Sunday June 09, 2024

Reflecting on HIPEC

There are a lot of times in my life where things didn't go quite as planned. Today is the one year anniversary of she they went nearly as far from planned as possible. This day in 2023 was HIPEC surgery day.

I expected to be a lot more emotional about it. Expected the past week to bring some dread or excitement, but instead I've only broken routine for my little adventure yesterday. I want to say I got the buttertarts or lemon squares to celebrate, to mark time, but I wasn't thinking of any of that.

So here's to surgery day, the day we all lost hope for a cure, or long term treatment, and the start of when I stopped letting that bother me.

The following was originally posted June 9, 2023

Months ago I expressed my distaste for the cancer as a battle or fight metaphor. It might represent some people well, especially those with stage 1 illness, but it doesn't reflect my experience. For me, cancer has been a seige. And today, friends, the relief forces have arrived, and we're going to do our damndest to break that seige. We done everything we can to ensure success, and now it's all in the hands of the fates.

A man stands in a hotel hallway, wearing a hooded sweater vest, he looks somewhat calm A man is in a hospital bed, wearing a hospital gown, surgical mask and hair covering, he looks nervous

Monday November 20, 2023

Immunocompromised Already

What took five full cycles last time took one this time. My white blood cell count is already at the point where we're discussing options. So far, the immune boosting shot isn't on the table, we're going to try adjusting chemotherapy dose instead and see how that works. This, and my nausea response, have driven home that even though I'm calling this cycle one again, it's really more like I restarted at cycle 17, with my tolerance already much, much lower than where I started originally.

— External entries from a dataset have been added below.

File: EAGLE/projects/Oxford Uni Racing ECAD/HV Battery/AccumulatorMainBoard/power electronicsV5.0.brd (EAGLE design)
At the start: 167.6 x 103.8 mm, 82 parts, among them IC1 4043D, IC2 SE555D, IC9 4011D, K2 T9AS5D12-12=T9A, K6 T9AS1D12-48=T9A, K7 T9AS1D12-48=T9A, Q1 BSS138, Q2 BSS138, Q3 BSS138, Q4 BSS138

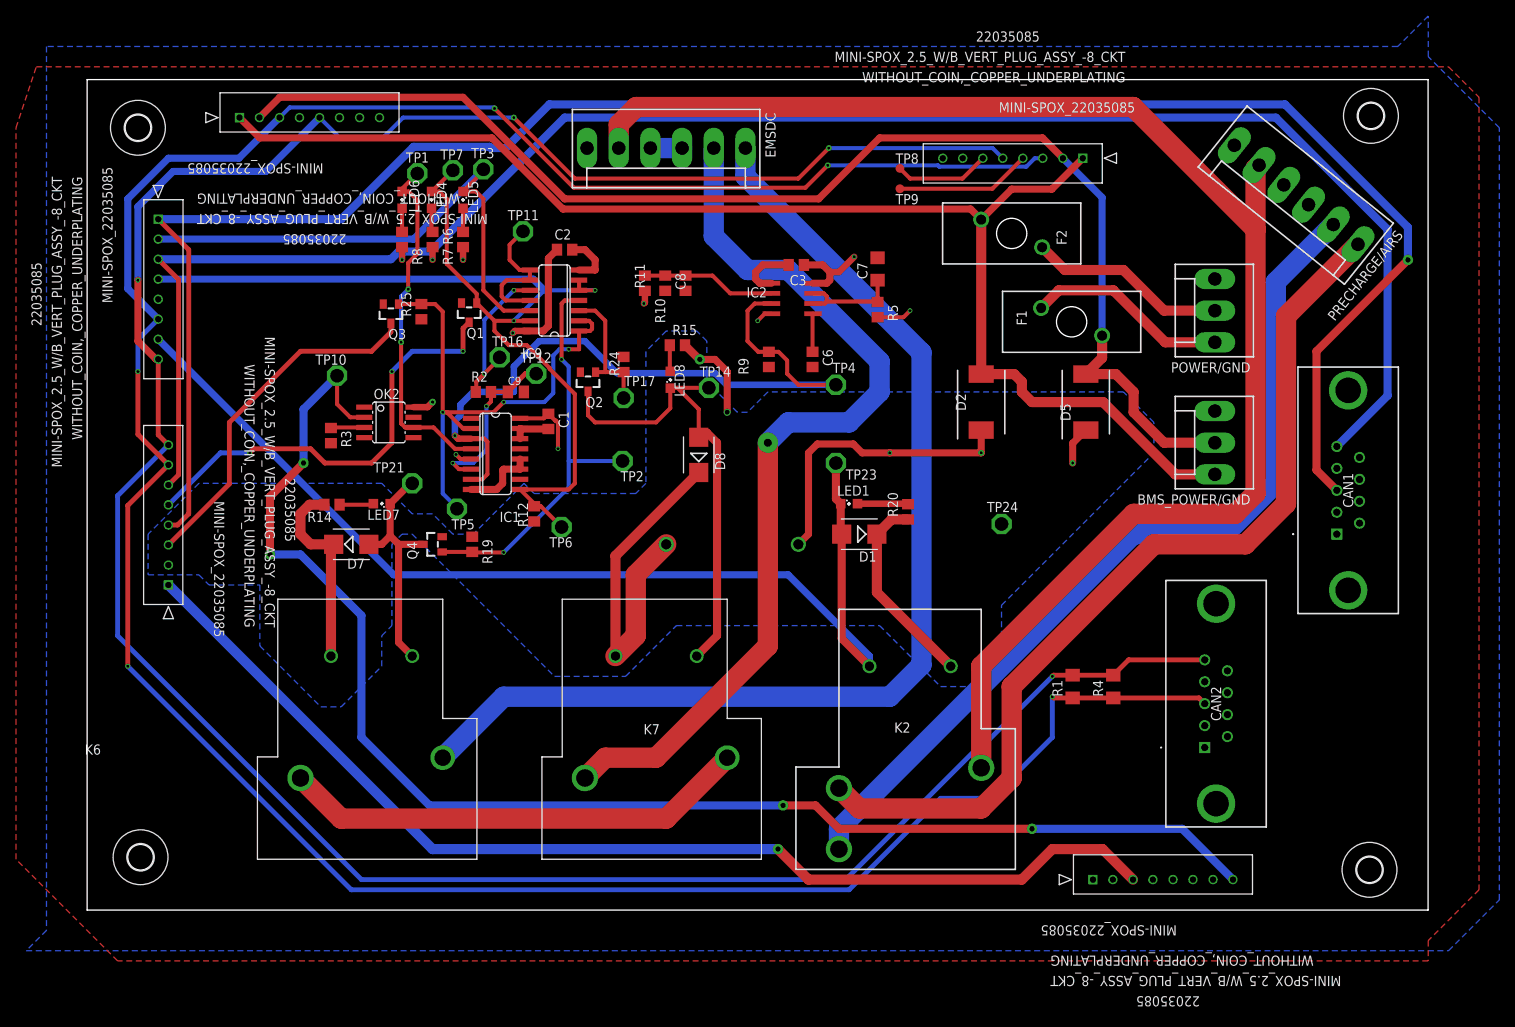
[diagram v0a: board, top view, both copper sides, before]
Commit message: Mainboard v5.1
Fixes the +12V  connections
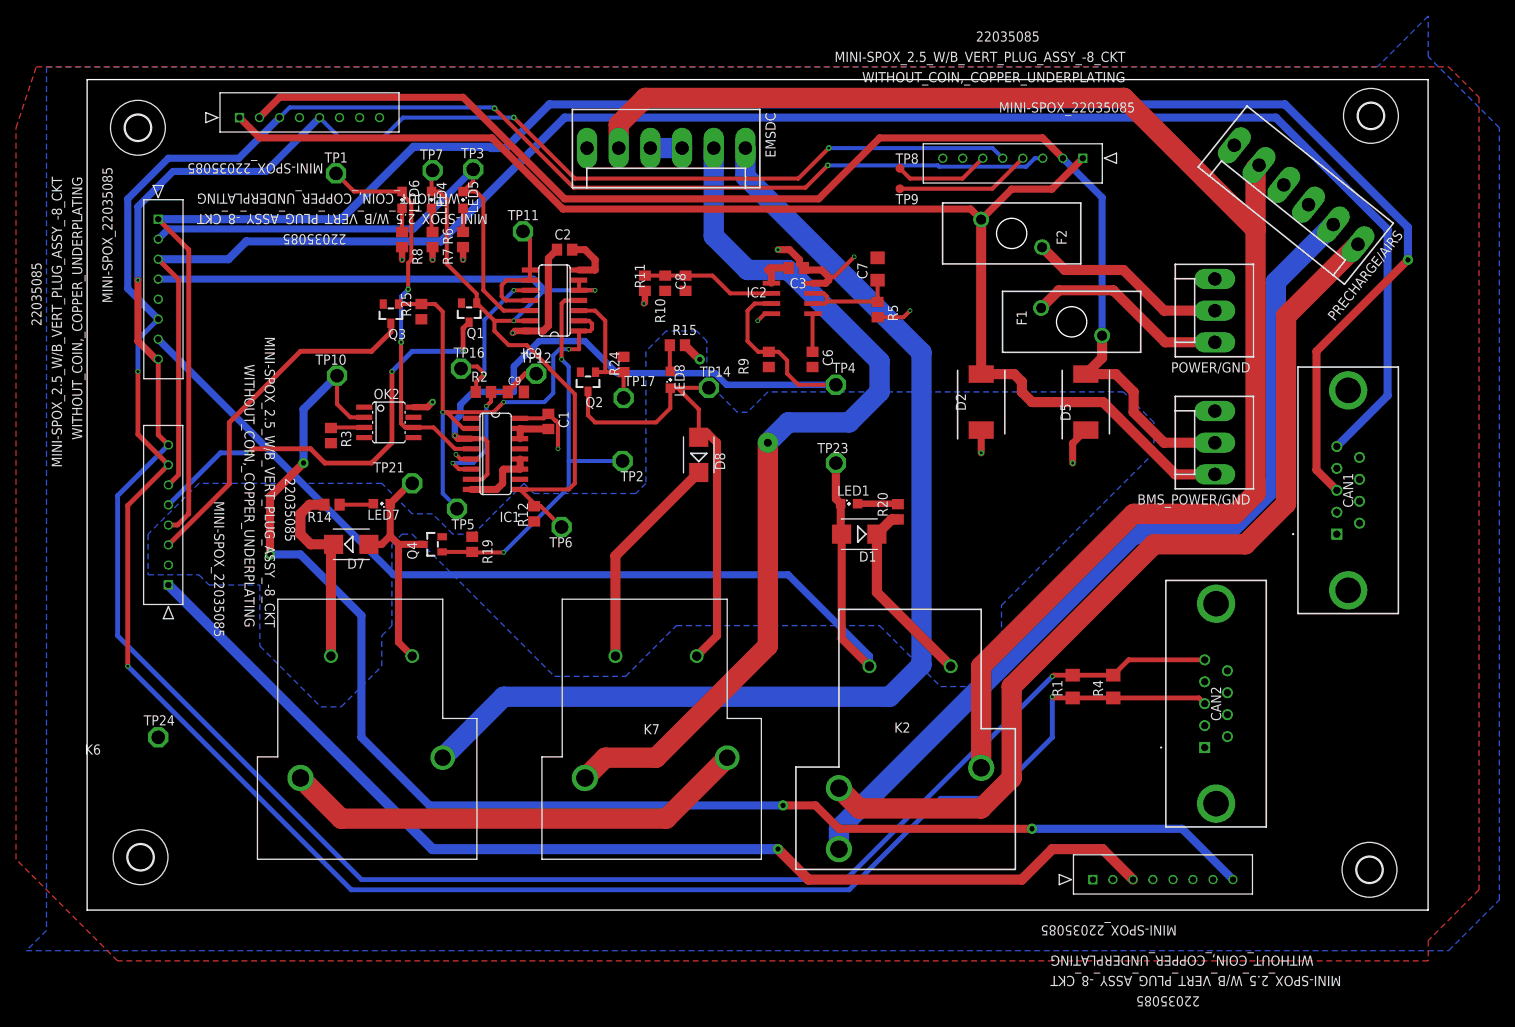
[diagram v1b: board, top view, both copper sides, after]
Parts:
- moved TP24 108.7 mm to (8.89, 21.6)
- moved TP1 10.2 mm to (31.1, 92.1)
- moved TP16 5.02 mm to (46.7, 67.7)
- moved TP7 2.54 mm to (43.2, 92.5)
- moved TP3 1.27 mm to (48.3, 92.6)
- moved R20 1.27 mm to (101.3, 49.8)
- moved C3 0.38 mm to (88.6, 80.3)
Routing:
- net +12V: track 147.5 -> 86.0 mm, vias 7 -> 3
- net N$5: track 44.2 -> 49.2 mm
- net +3V3: track 52.6 -> 56.7 mm, vias 11 -> 12
- net GND: track 28.5 -> 25.5 mm
- net N$6: track 17.5 -> 15.4 mm
- net CHARGE_SAFE: track 69.3 -> 67.5 mm
- net N$22: track 6.34 -> 5.07 mm
- net DISCHARGE_ENABLE: track 132.3 -> 131.2 mm
- net N$11: track 187.0 -> 187.9 mm
- net N$1: track 19.5 -> 20.1 mm

The following was originally posted November 21, 2022

Cycle 5 Day 13

Today I found out that my immune numbers had finally fallen past the point where something has to be done. I had the option to delay my treatment a week and allow it to recover, or start another drug that's designed to do the same.

I chose the drug. There are too many appointments, especially my CT scan Monday, that would be either too much effort to reschedule, or would not be able to be scheduled soon enough. I'm extremely unenthusiastic about a needle in the belly, but it's better than getting sick from the bacteria that naturally live on me all the time.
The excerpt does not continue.